Recently a member here on CuckoldMarriage reached out to me sharing their journey of transitioning to a cuckold couple while also inquiring about the working dynamics of our cuckold marriage. I began to write a response but took a pause to think and reflect on our journey as a cuckold couple, which opened up another perceptive and intimate conversation between james and me. With our exchange as inspiration, here are some thoughts and insight of our cuckold relationship….some familiar and some new…
As a cuckold couple we continue to learn and grow more understanding every day of one another. Even though we may have had some expectations as to the path we might be on after being introduced to CuckoldMarriage, we know that everyone is unique to their own relationship and experiences and that there is no ‘one size fits all’ cuckold dynamic. From our own experience we have both learned that it is all about evolving, each of us in our separate roles, me the hotwife to cuckoldress and james as the denied cuckold.
What is paramount in making our dynamic work is that we are always open and honest with each other. Communication is absolute. We hate the word use of ‘rules’ because it seems inflexible and does not allow a more evolving dynamic. Rather than ‘rules’, we talk about and agree to what makes our cuckolding marriage work best. For me it’s about being empowered as a cuckoldress and being fucked by select, endowed bulls…and taking control of the sexual pleasure that james can have. As we talked about my control james admitted that physical denial (no penis fondling, masturbation, intercourse, and only spurting as I allow) would increase his emotional arousal with eventually a more intense orgasm…and cause for chastity. The reality of the denial of intercourse was far more about me realizing and james ceding that size matters for my full pleasure and “better trumps good”. Is it missed? What do you think? After all, for nearly 30 years he was in me quite a bit.
If and when on the very rare occasion in the future I might allow penetration by his penis, it definitely can not ejaculate inside of me. That is reserved only for my bulls.
To be clear, I do deny james sexual intercourse almost exclusively, but what I have learned is that sometimes the sheer intimacy that can happen between me and james as I describe my interludes with a bull/lover is so intense that I need more than just the exchange of words but something physical.
For instance, this past Thursday I had the opportunity to get together with P, my ‘Dane’. He was nice enough to get a hotel room for the afternoon that was convenient to our house and his office thanks to www.Dayuse.com. Even though our son was visiting with us at the time, after spending an active morning with him I later casually got ready to leave the house in some sexy yoga attire that james selected and then quickly left walking for some afternoon ‘errands and coffee with a friend’. Sneaking away and the limited time that I had with P when we were in the hotel room made the tryst very exciting and quite a showing on the bed sheets.

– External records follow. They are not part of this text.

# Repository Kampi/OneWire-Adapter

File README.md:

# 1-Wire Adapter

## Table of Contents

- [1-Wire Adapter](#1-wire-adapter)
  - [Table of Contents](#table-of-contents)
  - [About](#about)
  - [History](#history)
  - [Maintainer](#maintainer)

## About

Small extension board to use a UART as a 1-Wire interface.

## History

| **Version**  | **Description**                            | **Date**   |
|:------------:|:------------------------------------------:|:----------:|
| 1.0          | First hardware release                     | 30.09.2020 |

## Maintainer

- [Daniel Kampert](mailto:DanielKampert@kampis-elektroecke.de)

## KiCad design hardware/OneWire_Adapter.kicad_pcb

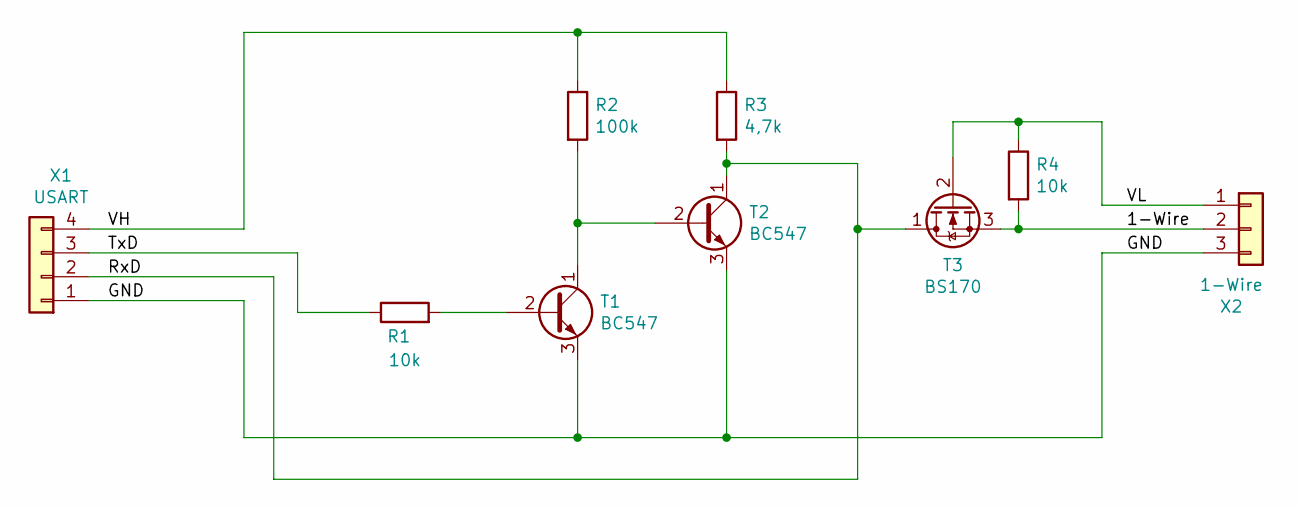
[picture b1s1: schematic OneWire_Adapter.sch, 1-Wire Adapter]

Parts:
R1, R4: 10k; R_Axial_DIN0207_L6.3mm_D2.5mm_P10.16mm_Horizontal; Mouser 603-MFR-25FBF52-10K
R2: 100k; R_Axial_DIN0207_L6.3mm_D2.5mm_P10.16mm_Horizontal; Mouser 603-MFR-25FBF52-100K
R3: 4,7k; R_Axial_DIN0207_L6.3mm_D2.5mm_P10.16mm_Horizontal; Mouser 603-MFR-25FBF52-4K7
T1, T2: BC547; TO-92_Inline; Mouser 512-BC547ATA
T3: BS170; TO-92_Inline; Mouser 512-BS170
X1: USART; PinHeader_1x04_P2.54mm_Horizontal; Mouser 855-M20-9770445
X2: 1-Wire; PinHeader_1x03_P2.54mm_Horizontal; Mouser 855-M20-9750346

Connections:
/1-Wire: R4.2, T3.3 (S), X2.2
/GND: T1.3 (E), T2.3 (E), X1.1, X2.3
/RxD: R3.2, T2.1 (C), T3.1 (D), X1.2
/TxD: R1.1, X1.3
/VH: R2.1, R3.1, X1.4
/VL: R4.1, T3.2 (G), X2.1
unnamed: R1.2, T1.2 (B)
unnamed: R2.2, T1.1 (C), T2.2 (B)

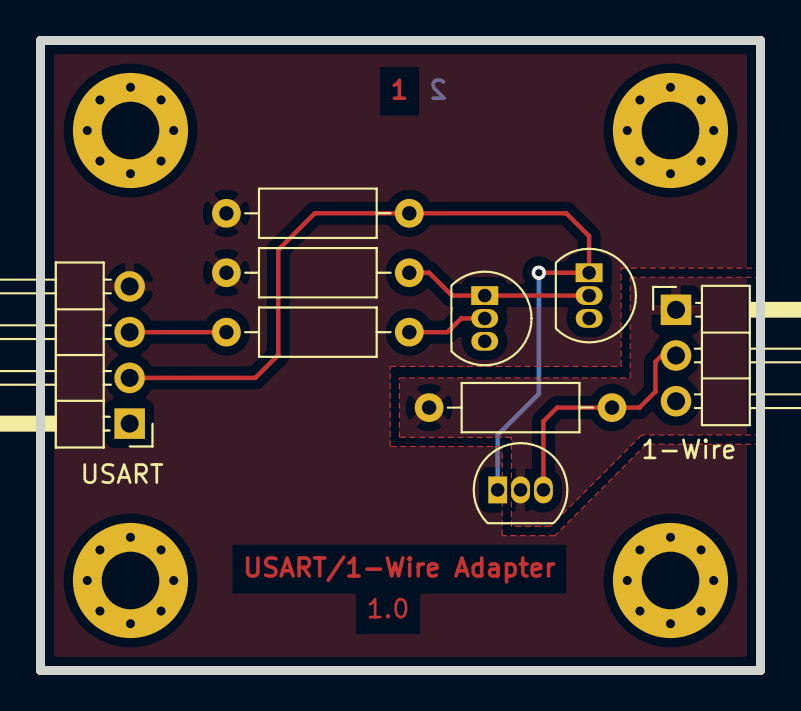
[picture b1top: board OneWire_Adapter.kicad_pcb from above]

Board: 2 copper layers, 40.0 x 35.0 mm, 9 parts (0 on the bottom side), 8 nets.

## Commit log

2020-01-29 First hardware version
2020-01-29 Typo in README
2020-01-29 Add level shifter
2020-01-30 Add production files
2020-01-30 Add new schematics
2020-02-09 Fix wrong email address in README
2020-02-13 Rename documents
2020-04-22 Update LICENSE
2020-09-30 Update project directory
2020-09-30 Rename project
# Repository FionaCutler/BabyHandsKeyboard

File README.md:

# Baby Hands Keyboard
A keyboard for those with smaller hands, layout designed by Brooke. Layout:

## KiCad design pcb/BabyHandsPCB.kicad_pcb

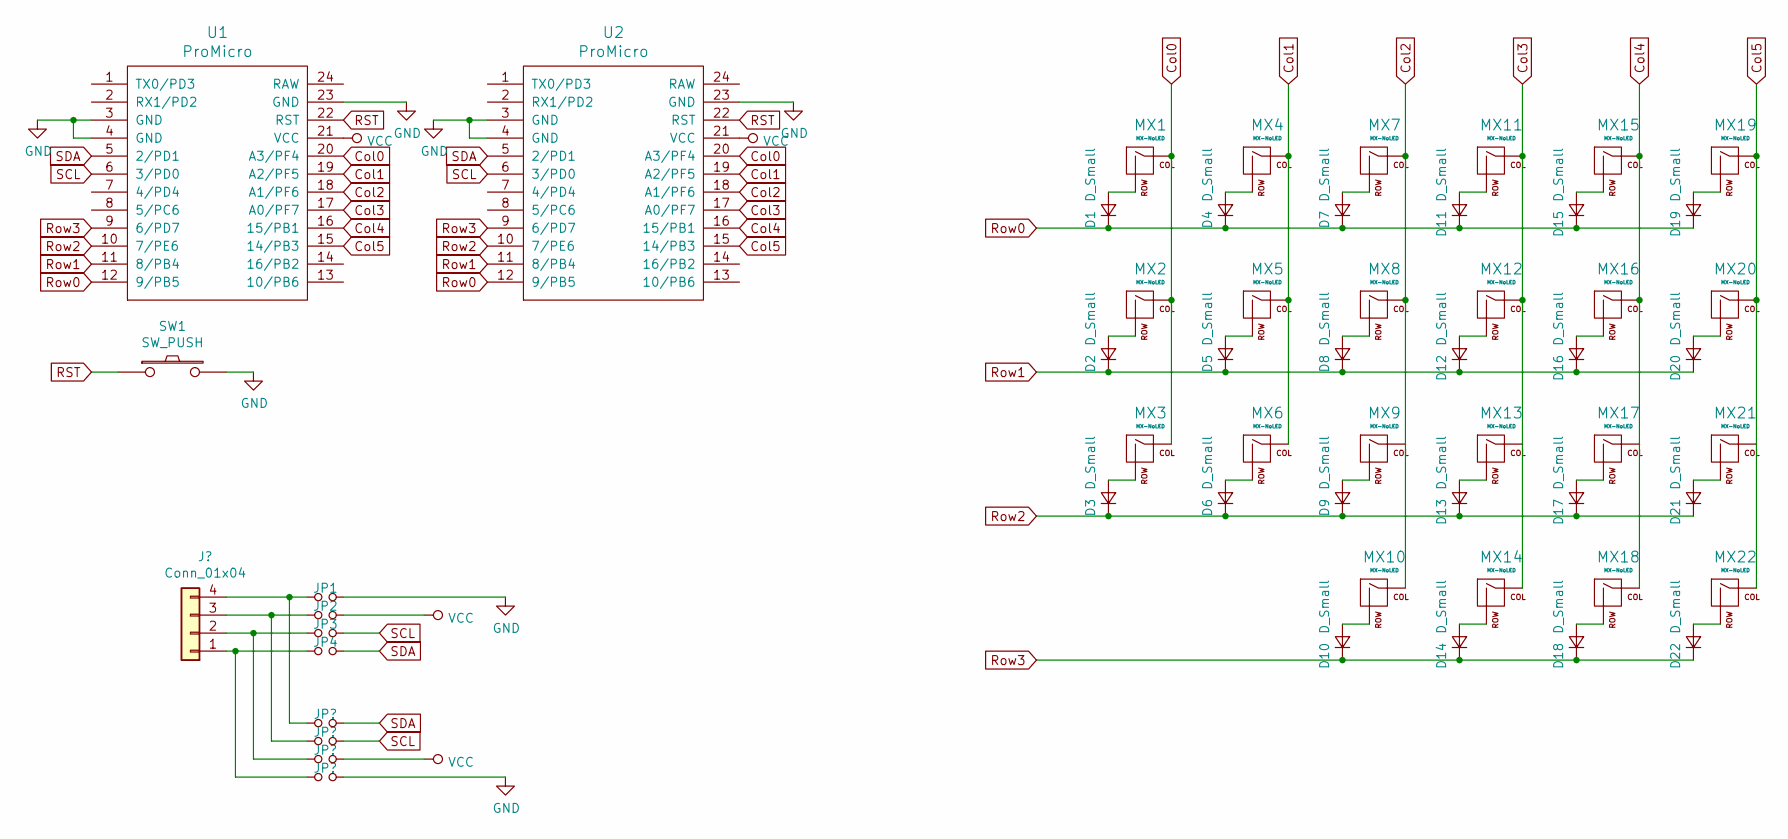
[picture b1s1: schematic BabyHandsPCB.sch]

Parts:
D1, D2, D3, D4, D5, D6, D7, D8, D9, D10, D11, D12, D13, D14, D15, D16, D17, D18, D19, D20, D21, D22: D_Small; D3_TH_SMD
JP1, JP2, JP3, JP4: Jumper_NO_Small; Jumper
MX1, MX2, MX3, MX4, MX5, MX6, MX7, MX8, MX9, MX10, MX11, MX12, MX13, MX14, MX15, MX16, MX17, MX19, MX20, MX21: MX-NoLED; CherryMX_Choc_Hotswap
MX18, MX22: MX-NoLED; CherryMX_Choc_Hotswap_1.5u
SW1: SW_PUSH; SW_Tactile_SPST_Angled_PTS645Vx31-2LFS
U1, U2: ProMicro; ArduinoProMicro-BackSide

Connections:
Col0: MX1.1 (COL), MX2.1 (COL), MX3.1 (COL), U1.20 (A3/PF4), U2.20 (A3/PF4)
Col1: MX4.1 (COL), MX5.1 (COL), MX6.1 (COL), U1.19 (A2/PF5), U2.19 (A2/PF5); also elsewhere on the board
Col2: MX7.1 (COL), MX8.1 (COL), MX9.1 (COL), MX10.1 (COL), U1.18 (A1/PF6), U2.18 (A1/PF6)
Col3: MX11.1 (COL), MX12.1 (COL), MX13.1 (COL), MX14.1 (COL), U1.17 (A0/PF7), U2.17 (A0/PF7)
Col4: MX15.1 (COL), MX16.1 (COL), MX17.1 (COL), MX18.1 (COL), U1.16 (15/PB1), U2.16 (15/PB1)
Col5: MX19.1 (COL), MX20.1 (COL), MX21.1 (COL), MX22.1 (COL), U1.15 (14/PB3), U2.15 (14/PB3)
GND: JP1.2, SW1.2, U1.3 (GND), U1.4 (GND), U1.23 (GND), U2.3 (GND), U2.4 (GND), U2.23 (GND); also elsewhere on the board
unnamed: D1.2 (A), MX1.2 (ROW)
unnamed: D2.2 (A), MX2.2 (ROW)
unnamed: D3.2 (A), MX3.2 (ROW)
unnamed: D4.2 (A), MX4.2 (ROW)
unnamed 11: D5.2 (A), MX5.2 (ROW); also elsewhere on the board
unnamed: D6.2 (A), MX6.2 (ROW)
unnamed: D7.2 (A), MX7.2 (ROW)
unnamed: D8.2 (A), MX8.2 (ROW)
unnamed: D9.2 (A), MX9.2 (ROW)
unnamed: D10.2 (A), MX10.2 (ROW)
unnamed: D11.2 (A), MX11.2 (ROW)
unnamed: D12.2 (A), MX12.2 (ROW)
unnamed: D13.2 (A), MX13.2 (ROW)
unnamed: D14.2 (A), MX14.2 (ROW)
unnamed: D15.2 (A), MX15.2 (ROW)
unnamed: D16.2 (A), MX16.2 (ROW)
unnamed: D17.2 (A), MX17.2 (ROW)
unnamed: D18.2 (A), MX18.2 (ROW)
unnamed: D19.2 (A), MX19.2 (ROW)
unnamed: D20.2 (A), MX20.2 (ROW)
unnamed: D21.2 (A), MX21.2 (ROW)
unnamed: D22.2 (A), MX22.2 (ROW)
unnamed 29: JP4.1; also elsewhere on the board
unnamed 30: JP3.1; also elsewhere on the board
unnamed 31: JP2.1; also elsewhere on the board
unnamed 32: JP1.1; also elsewhere on the board
RST: SW1.1, U1.22 (RST), U2.22 (RST)
Row0: D1.1 (K), D4.1 (K), D7.1 (K), D11.1 (K), D15.1 (K), D19.1 (K), U1.12 (9/PB5), U2.12 (9/PB5)
Row1: D2.1 (K), D5.1 (K), D8.1 (K), D12.1 (K), D16.1 (K), D20.1 (K), U1.11 (8/PB4), U2.11 (8/PB4)
Row2: D3.1 (K), D6.1 (K), D9.1 (K), D13.1 (K), D17.1 (K), D21.1 (K), U1.10 (7/PE6), U2.10 (7/PE6)
Row3: D10.1 (K), D14.1 (K), D18.1 (K), D22.1 (K), U1.9 (6/PD7), U2.9 (6/PD7)
SCL: JP3.2, U1.6 (3/PD0), U2.6 (3/PD0); also elsewhere on the board
SDA: JP4.2, U1.5 (2/PD1), U2.5 (2/PD1); also elsewhere on the board
VCC: JP2.2, U1.21 (VCC), U2.21 (VCC); also elsewhere on the board

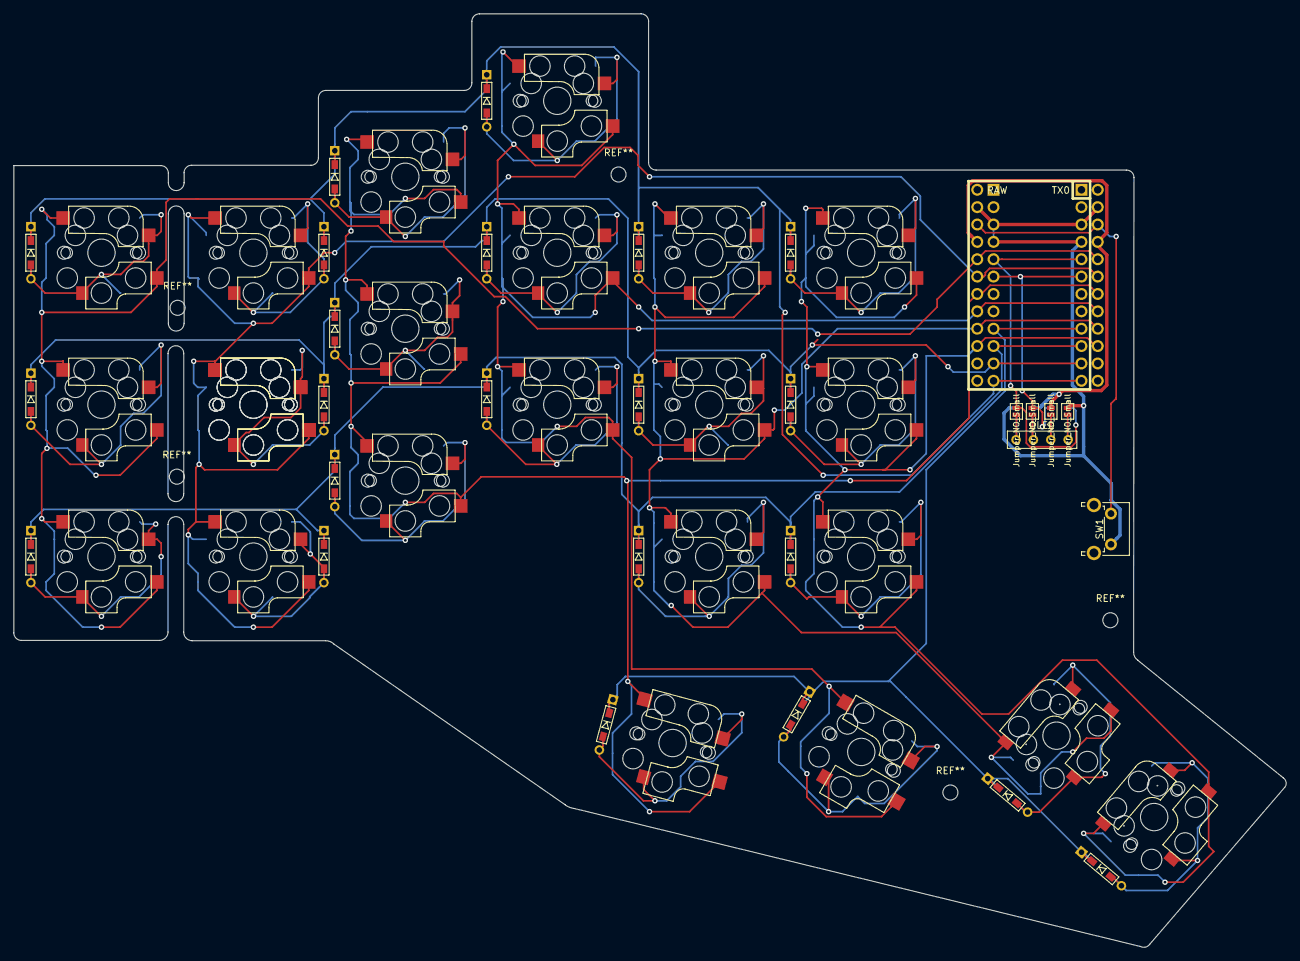
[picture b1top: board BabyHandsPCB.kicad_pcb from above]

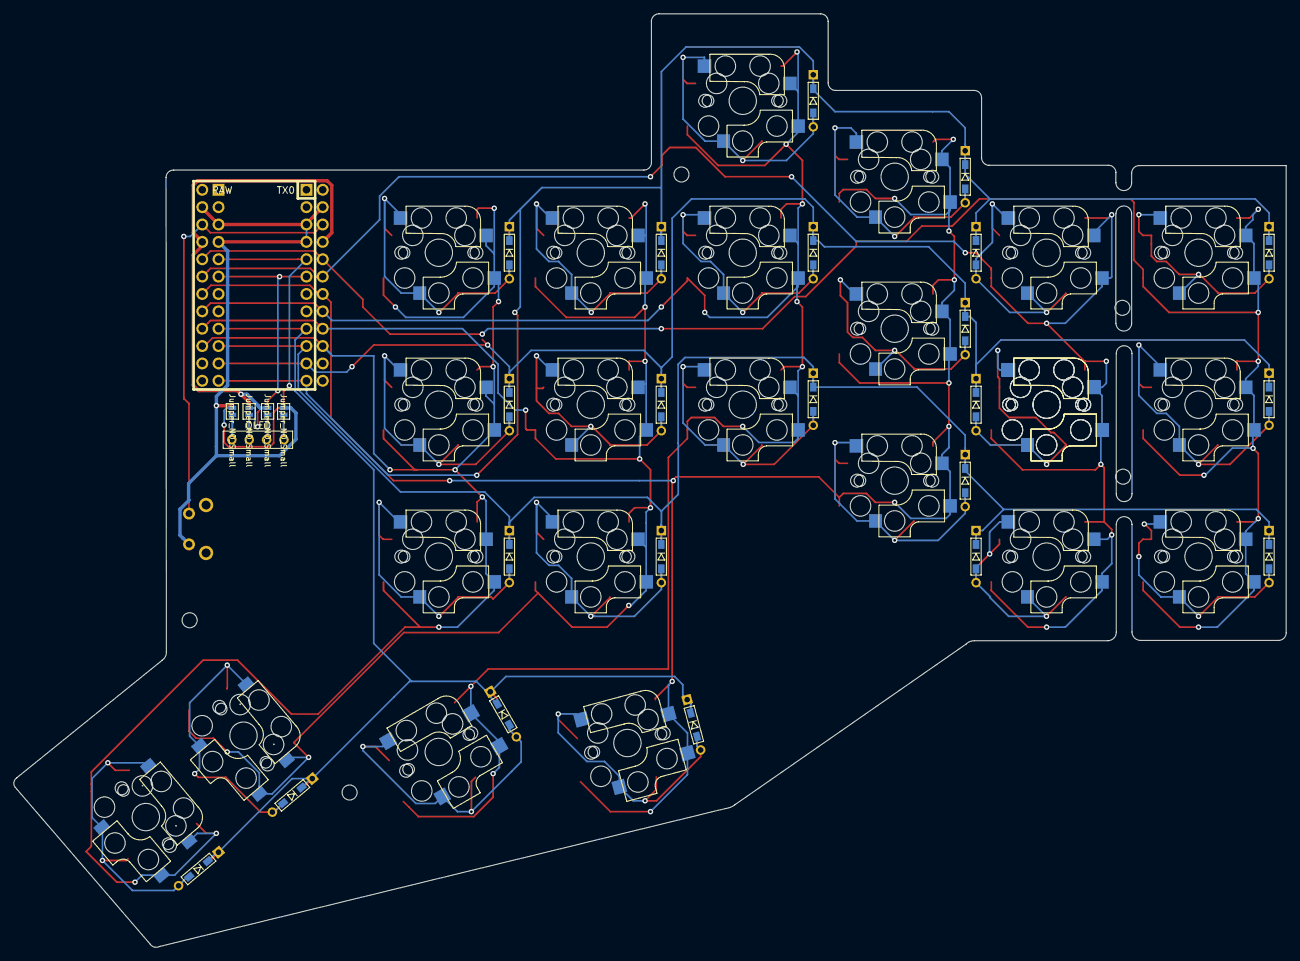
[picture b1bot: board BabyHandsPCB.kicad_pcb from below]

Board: 2 copper layers, 186.1 x 136.5 mm, 57 parts (5 on the bottom side), 41 nets.

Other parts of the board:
J1: Conn_01x04; OLED
JP5, JP6, JP7, JP8: Jumper_NO_Small; Jumper
MX5#2: MX-NoLED; CherryMX_Choc_Hotswap

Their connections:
Col1: MX5#2.1; also elsewhere on the board
GND: JP8.2; also elsewhere on the board
unnamed 11: MX5#2.2; also elsewhere on the board
unnamed 29: J1.1, JP8.1; also elsewhere on the board
unnamed 30: J1.2, JP7.1; also elsewhere on the board
unnamed 31: J1.3, JP6.1; also elsewhere on the board
unnamed 32: J1.4, JP5.1; also elsewhere on the board
SCL: JP6.2; also elsewhere on the board
SDA: JP5.2; also elsewhere on the board
VCC: JP7.2; also elsewhere on the board

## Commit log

2019-12-20 Create matrix schematic
2019-12-20 Place keys
2019-12-23 Route matrix
2019-12-24 Add pro micro
2019-12-31 Add outline
2019-12-31 Round edges

I was able to give james quick highlights of the hotel tryst later that evening, but it wasn’t until the next morning after our son finally departed that james and I finally had time to ourselves where I could recount the details. With both of us naked in bed, I tried to describe the tryst as best I could (I had recorded it in the hotel room but he had not yet listened to it), and all the while showing his erection. “Reliving” it, I was extremely aroused and wet, and being influenced by the intimate setting I asked james to move close against me. With his erect penis now against me, and laying on my side with my back to him, rather than continue by having outercourse I decided to let him push the little “boi” inside of me from behind, telling him not to move. Though slipping out a few times, I managed to move and thrust myself against him to a mild orgasm. When I was finished I had him pull out and I laid back, and at my request had him lay on top of me. I let him enter me again and he quickly stroked a few times then pulled out moaning and spurted and dribbled on my stomach. It had been a couple weeks since his last spurt by my hand…and it was the typical quick cuckold orgasm.
Was I aroused by his attention? Absolutely! james and I are very close. Being a cuckoldress doesn’t mean I’m uninterested. Our being physically close together is really about the sensation of the unconditional love and emotional intimacy we have and share for each other, an unwavering part of our marriage which compliments and strengthens our cuckolding dynamic. It was not about having intercourse. The sex with james was only average and more a reaction to the sensual closeness, serving best as a nice reminder to each of us he is not adequate in size for me. Sometimes old habits can have a changed purpose.
Through all that has happened and how we have evolved as a cuckold couple, our marriage with me as the cuckoldress has let me become more confident about identifying as a ‘slut’. Public perception has always made me think and feel the word ‘slut’ as a negative connotation of a person. But I now understand that within the context of being a cuckoldress and my sexual desires and needs, this is really an important part of who I am and a positive to embrace. Looking forward I feel more empowered than ever before to meet new bulls and having them fuck me….all the while my cuckold husband knowing that ‘better does trump good’.